Last updated: April 25, 2026

Crucible Care (“Crucible Care,” “we,” “us”) delivers a coach-led strength and balance program for residents in senior living communities. This Privacy Policy explains what information we collect, how we use it, and the choices available to you.

This policy covers: (a) visitors to crucible.fit, (b) facility staff and administrators who use our platform, and (c) residents (“Participants”) enrolled in our program through a partner facility.

1. Information We Collect

Website visitors

  • Contact-form submissions: when you submit the lead form on crucible.fit, we collect the name, work email, phone (if provided), facility, approximate resident count, message, the referring page (“source”), browser user-agent, and IP address. This information is used to follow up with you, evaluate fit, and prepare a tailored pilot plan.
  • Basic analytics: pages viewed, referrer, approximate region (derived from IP), device type, and aggregated funnel events (form viewed, form started, form submitted). We use a privacy-first analytics provider that does not use cross-site tracking cookies.
  • Functional cookies: a short-lived session identifier stored in your browser’s sessionStorage to connect page-views during the same visit. No third-party advertising cookies.

Facility staff and coach accounts

  • Name, work email, role, facility affiliation
  • Authentication data (password hashes, session tokens)
  • Activity logs (sign-ins, actions taken on the platform)
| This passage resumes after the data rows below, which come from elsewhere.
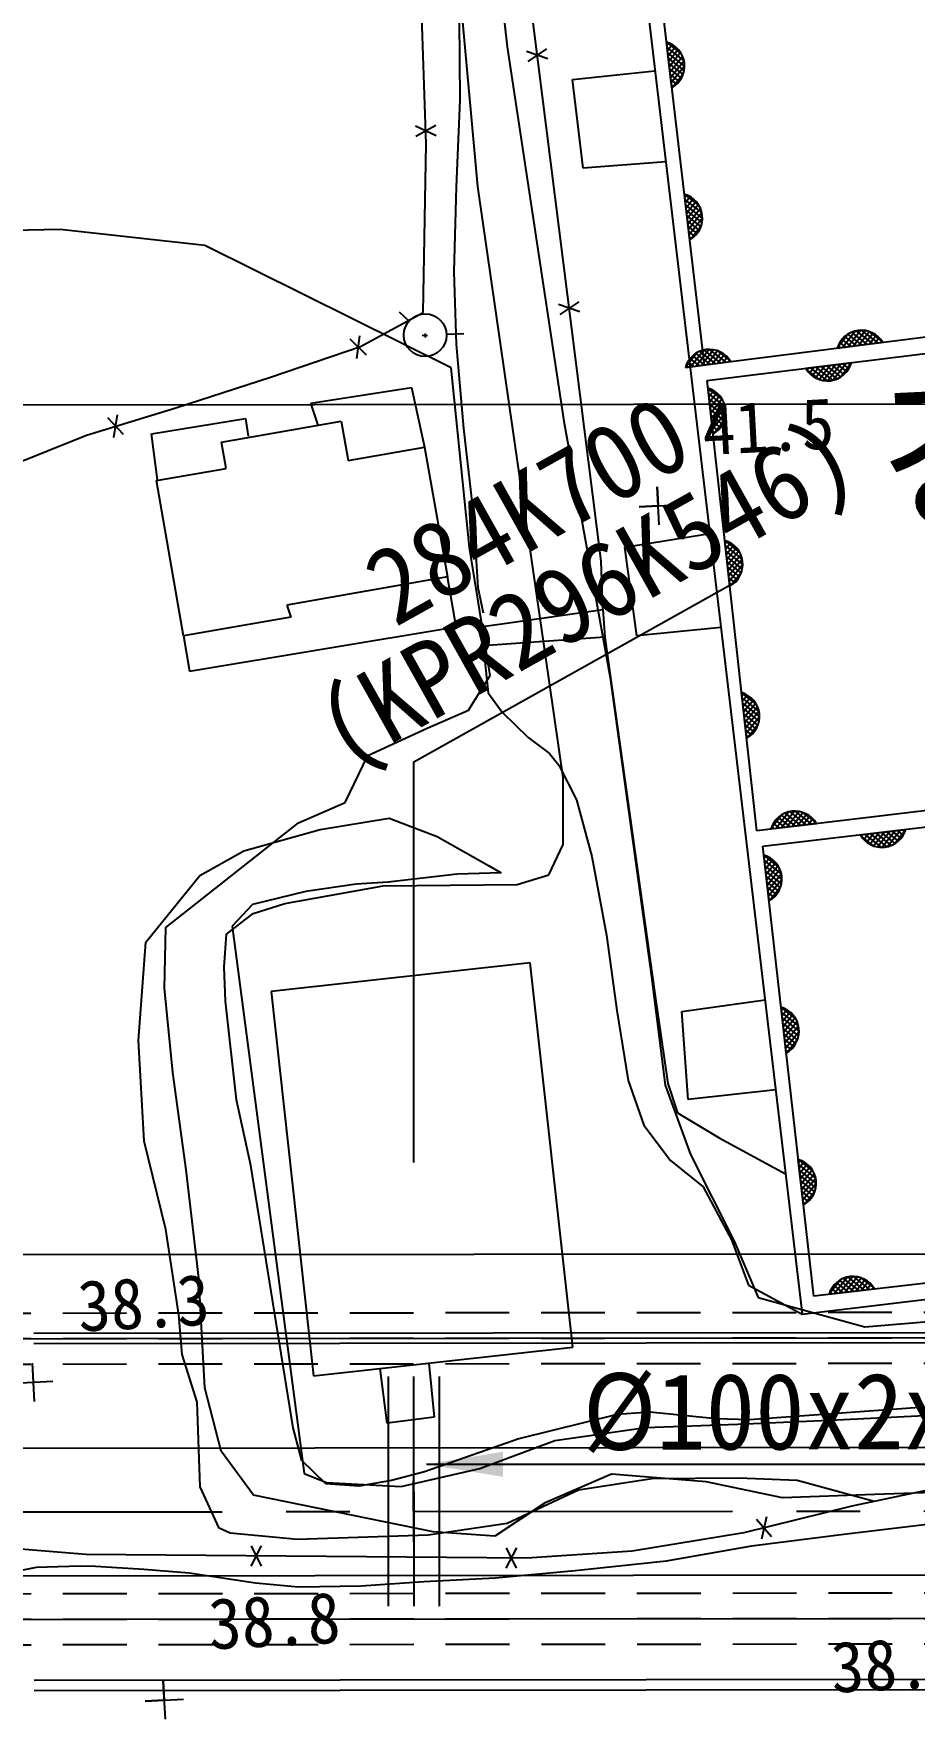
# Model space of a CAD drawing. Header units: millimetres. Extents: x 15846 to 16642, y 1103 to 1807.
# Drawn here: x 16019.5 to 16054, y 1462.9 to 1528.9 of the extents above; entities that cross this region are included whole.
import ezdxf
from ezdxf.enums import TextEntityAlignment as Align
from ezdxf.xclip import XClip

# ---------------------------------------------------------------- set-up
doc = ezdxf.new("R2010")
doc.units = ezdxf.units.MM
doc.header["$LTSCALE"] = 10
doc.header["$MEASUREMENT"] = 0
doc.header["$XCLIPFRAME"] = 2
doc.linetypes.add('CENTER', pattern=[2, 1.25, -0.25, 0.25, -0.25])
doc.linetypes.add('HIDDEN', pattern=[0.375, 0.25, -0.125])
for name, color, linetype in [('TN-CABL', 4, 'Continuous'), ('TZ-BASE', 253, 'Continuous'), ('TZ-CABL', 4, 'Continuous')]:
    doc.layers.add(name, color=color, linetype=linetype)
doc.styles.add('GR', font='GulimChe.ttf')
doc.styles.get("Standard").update_dxf_attribs({"font": 'GulimChe.ttf'})
doc.linetypes.add('ZIGZAG', pattern='A,0.0001,-0.2,[131,ltypeshp.shx,S=0.2,R=0,X=-0.2,Y=0],-0.4,[131,ltypeshp.shx,S=0.2,R=180,X=0.2,Y=0],-0.2', length=0.8001)
doc.dimstyles.get("Standard").update_dxf_attribs({"dimtxt": 0.18, "dimasz": 0.18, "dimexe": 0.18, "dimexo": 0.0625, "dimgap": 0.09, "dimtad": 0, "dimtih": 1, "dimtoh": 1, "dimdec": 4, "dimzin": 0, "dimdsep": 46, "dimtxsty": 'Standard', "dimcen": 0.09, "dimadec": 0, "dimazin": 0, "dimtfac": 1, "dimtdec": 4, "dimtofl": 0, "dimtmove": 0, "dimatfit": 3, "dimfxl": 0, "dimtolj": 1, "dimtzin": 0, "dimarcsym": 0})

# ---------------------------------------------------------------- blocks, each defined once
blk = doc.blocks.new('JD-FGHGF6GCDN')
at = {"layer": 'TZ-BASE'}
for p, q in [((106.514, 81.41, 127.805), (115.232, 7.824, 127.805)), ((102.512, 52.028, 40), (100.407, 75.491, 40)), ((107.353, 37.339, 128.257), (102.543, 75.323, 128.257)), ((102.123, 72.016, 41.001), (103.659, 57.499, 41.001)), ((111.397, 45.023, 127.783), (109.316, 62.755, 127.783)), ((100.492, 53.698, 126.211), (100.318, 58.692, 126.211)), ((101.788, 58.571, 128.02), (101.811, 55.425, 128.02)), ((103.659, 57.499, 41.001), (105.89, 42.835, 41.001)), ((110.121, 55.902, 127.783), (109.911, 57.69, 127.783)), ((110.488, 57.24, 127.783), (109.922, 57.686, 127.783)), ((110.001, 57.659, 127.783), (109.926, 57.564, 127.783)), ((110.595, 56.964, 127.783), (109.935, 57.485, 127.783)), ((110.139, 57.592, 127.783), (109.95, 57.353, 127.783)), ((110.262, 57.506, 127.783), (109.975, 57.142, 127.783)), ((105.263, 57.032, 128.257), (104.419, 57.329, 128.257)), ((105.212, 57.429, 128.257), (104.469, 56.932, 128.257)), ((110.618, 56.754, 127.783), (109.96, 57.275, 127.783)), ((110.602, 56.576, 127.783), (109.984, 57.064, 127.783)), ((110.371, 57.401, 127.783), (110, 56.932, 127.783)), ((110.559, 56.418, 127.783), (110.009, 56.853, 127.783)), ((110.464, 57.278, 127.783), (110.025, 56.721, 127.783)), ((110.541, 57.133, 127.783), (110.049, 56.51, 127.783)), ((110.596, 56.96, 127.783), (110.074, 56.3, 127.783)), ((106.224, 56.224, 127.74), (109.457, 56.564, 127.74)), ((106.646, 52.747, 127.74), (106.224, 56.224, 127.74)), ((110.495, 56.278, 127.783), (110.034, 56.642, 127.783)), ((110.412, 56.152, 127.783), (110.058, 56.432, 127.783)), ((110.311, 56.041, 127.783), (110.083, 56.221, 127.783)), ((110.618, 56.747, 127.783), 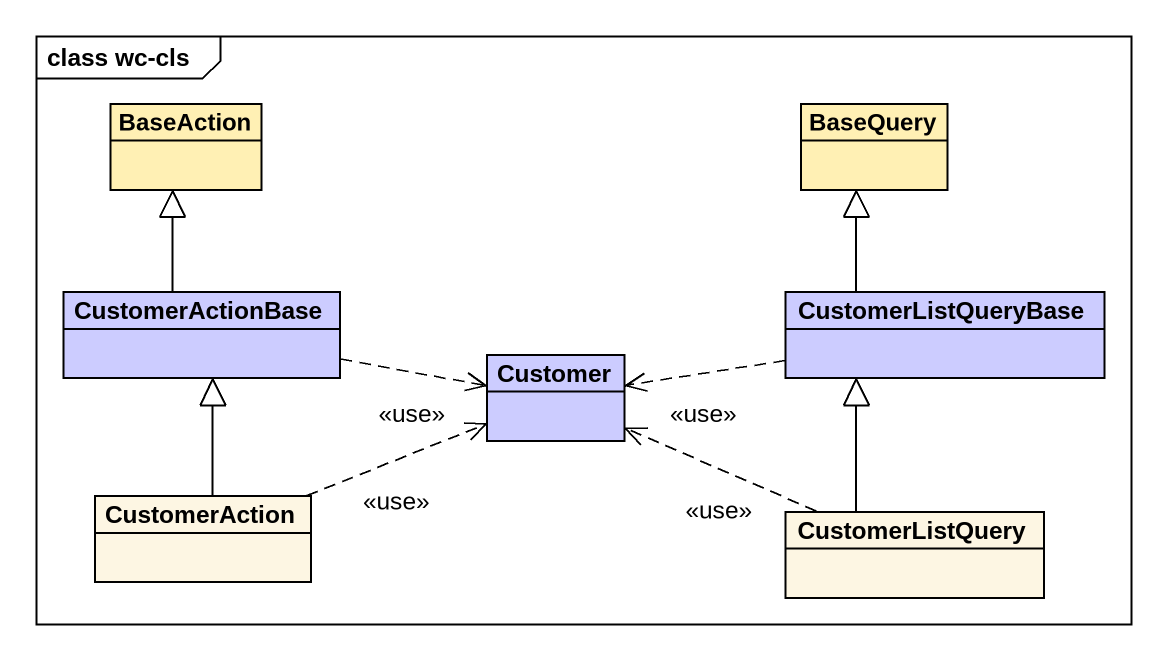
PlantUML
@startuml
mainframe class wc-cls
hide circle
hide empty members
class BaseAction #FFF0B4
class BaseQuery #FFF0B4
class CustomerActionBase #CCCCFF
class CustomerListQueryBase #CCCCFF
class Customer #CCCCFF
class CustomerAction
class CustomerListQuery
CustomerActionBase -up-|> BaseAction
CustomerActionBase .right.> Customer : <<use>>
CustomerListQueryBase -up-|> BaseQuery
CustomerListQueryBase .left.> Customer : <<use>>
CustomerAction -up-|> CustomerActionBase
CustomerAction .right.> Customer : <<use>>
CustomerListQuery -up-|> CustomerListQueryBase
CustomerListQuery .left.> Customer : <<use>>
@enduml

Program participants (residents)

  • Intake information provided by the facility: age, mobility level, fall history, pain or limitations, physician clearance status, self-reported confidence
  • Functional assessment results: sit-to-stand repetitions, timed up-and-go, grip strength, single-leg balance, confidence score
  • Attendance records

We do not collect Protected Health Information (PHI) under HIPAA.We do not collect Social Security numbers, insurance identifiers, diagnoses, medications, or medical records. If a facility needs to exchange PHI with us, we will first execute a separate Business Associate Agreement.

2. How We Use Information

  • Deliver program sessions, assessments, and outcome reports
  • Track Participant progress and generate individual and aggregate reports
  • Administer facility accounts and authenticate users
  • Improve our program and platform
  • Use de-identified, aggregated outcome data in research and marketing (e.g., average improvement across cohorts). We never name a Participant or facility in public materials without prior written consent.
  • Comply with legal obligations

3. How We Share Information

We share personal information only with:

  • The facility that enrolled the Participant (they see their own Participants’ data)
  • Service providers under contract: hosting (Vercel), database (Supabase), transactional email (Resend), incoming-webhook notifications (Slack), Google Workspace for human correspondence, Cal.com for scheduling, and a privacy-first website analytics provider. Each processes data on our behalf and is bound by confidentiality.
  • Legal authorities when required by law, subpoena, or to protect rights or safety

We do not sell personal information. We do not share personal information with advertisers.

4. Data Retention

Participant assessment data is retained for up to 36 months after the program ends, then de-identified or deleted. Facility staff account data is retained while the account is active and deleted within 90 days of account closure. Website contact-form submissions are retained for up to 24 months.

5. Security

We store data in encrypted form in transit (TLS) and at rest. Database access is restricted by row-level security and limited to personnel with a need to know. Passwords are hashed. We log administrative access. No system is perfectly secure; we cannot guarantee absolute security but will notify affected users and facilities of any material breach consistent with applicable law.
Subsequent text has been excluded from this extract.